■ **Supplied records**
----

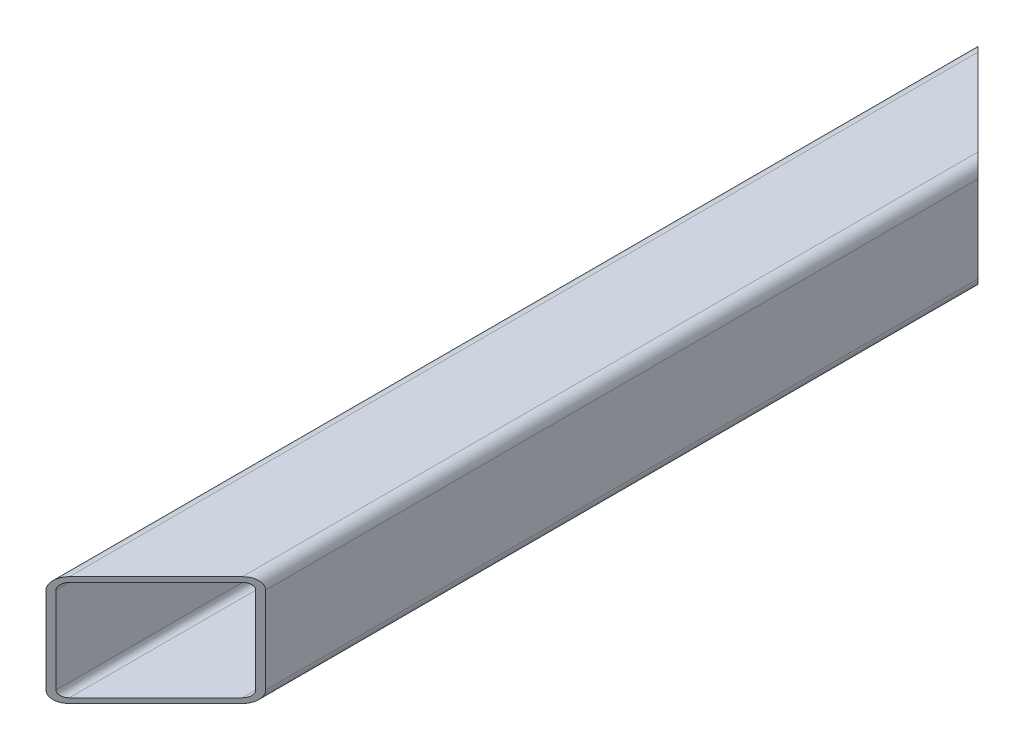
from build123d import *

# Parameters (mm, degrees)
EXTRUDE_1_DEPTH     = 280
CUT_EXTRUDE_1_DEPTH = 284.692174725


with BuildPart() as part:
    # Эскиз1 → Вытянуть-Тонкостенный1 (new body)
    with BuildSketch(Plane.XY):
        with BuildLine():
            Line((2, -1.5), (28, -1.5))
            ThreePointArc((28, -1.5), (30.474873734, -0.474873734), (31.5, 2))
            Line((31.5, 2), (31.5, 28))
            ThreePointArc((31.5, 28), (30.474873734, 30.474873734), (28, 31.5))
            Line((28, 31.5), (2, 31.5))
            ThreePointArc((2, 31.5), (-0.474873734, 30.474873734), (-1.5, 28))
            Line((-1.5, 28), (-1.5, 2))
            ThreePointArc((-1.5, 2), (-0.474873734, -0.474873734), (2, -1.5))
        make_face()
        with BuildLine():
            Line((2, 0), (28, 0))
            ThreePointArc((28, 0), (29.414213562, 0.585786438), (30, 2))
            Line((30, 2), (30, 28))
            ThreePointArc((30, 28), (29.414213562, 29.414213562), (28, 30))
            Line((28, 30), (2, 30))
            ThreePointArc((2, 30), (0.585786438, 29.414213562), (0, 28))
            Line((0, 28), (0, 2))
            ThreePointArc((0, 2), (0.585786438, 0.585786438), (2, 0))
        make_face(mode=Mode.SUBTRACT)
    extrude(amount=EXTRUDE_1_DEPTH)

    # Эскиз2 → Вырез-Вытянуть1 (cut, through all)
    with BuildSketch(Plane(origin=(0, 31.5, 0), x_dir=(1, 0, 0), z_dir=(0, 1, 0))):
        Polygon((-1.5, 0), (31.5, -33), (31.5, 0), align=None)
        Polygon((-1.5, -280), (31.5, -247), (31.5, -280), align=None)
    extrude(amount=-CUT_EXTRUDE_1_DEPTH, mode=Mode.SUBTRACT)


solid = part.part

----

■ **Task to complete**
Look above for the line containing "with BuildPart() as" and the line containing "30.474873734), (-1.5, 28))". Transcribe both, with the lines between them, exactly.

■ **Output below**
with BuildPart() as part:
    # Эскиз1 → Вытянуть-Тонкостенный1 (new body)
    with BuildSketch(Plane.XY):
        with BuildLine():
            Line((2, -1.5), (28, -1.5))
            ThreePointArc((28, -1.5), (30.474873734, -0.474873734), (31.5, 2))
            Line((31.5, 2), (31.5, 28))
            ThreePointArc((31.5, 28), (30.474873734, 30.474873734), (28, 31.5))
            Line((28, 31.5), (2, 31.5))
            ThreePointArc((2, 31.5), (-0.474873734, 30.474873734), (-1.5, 28))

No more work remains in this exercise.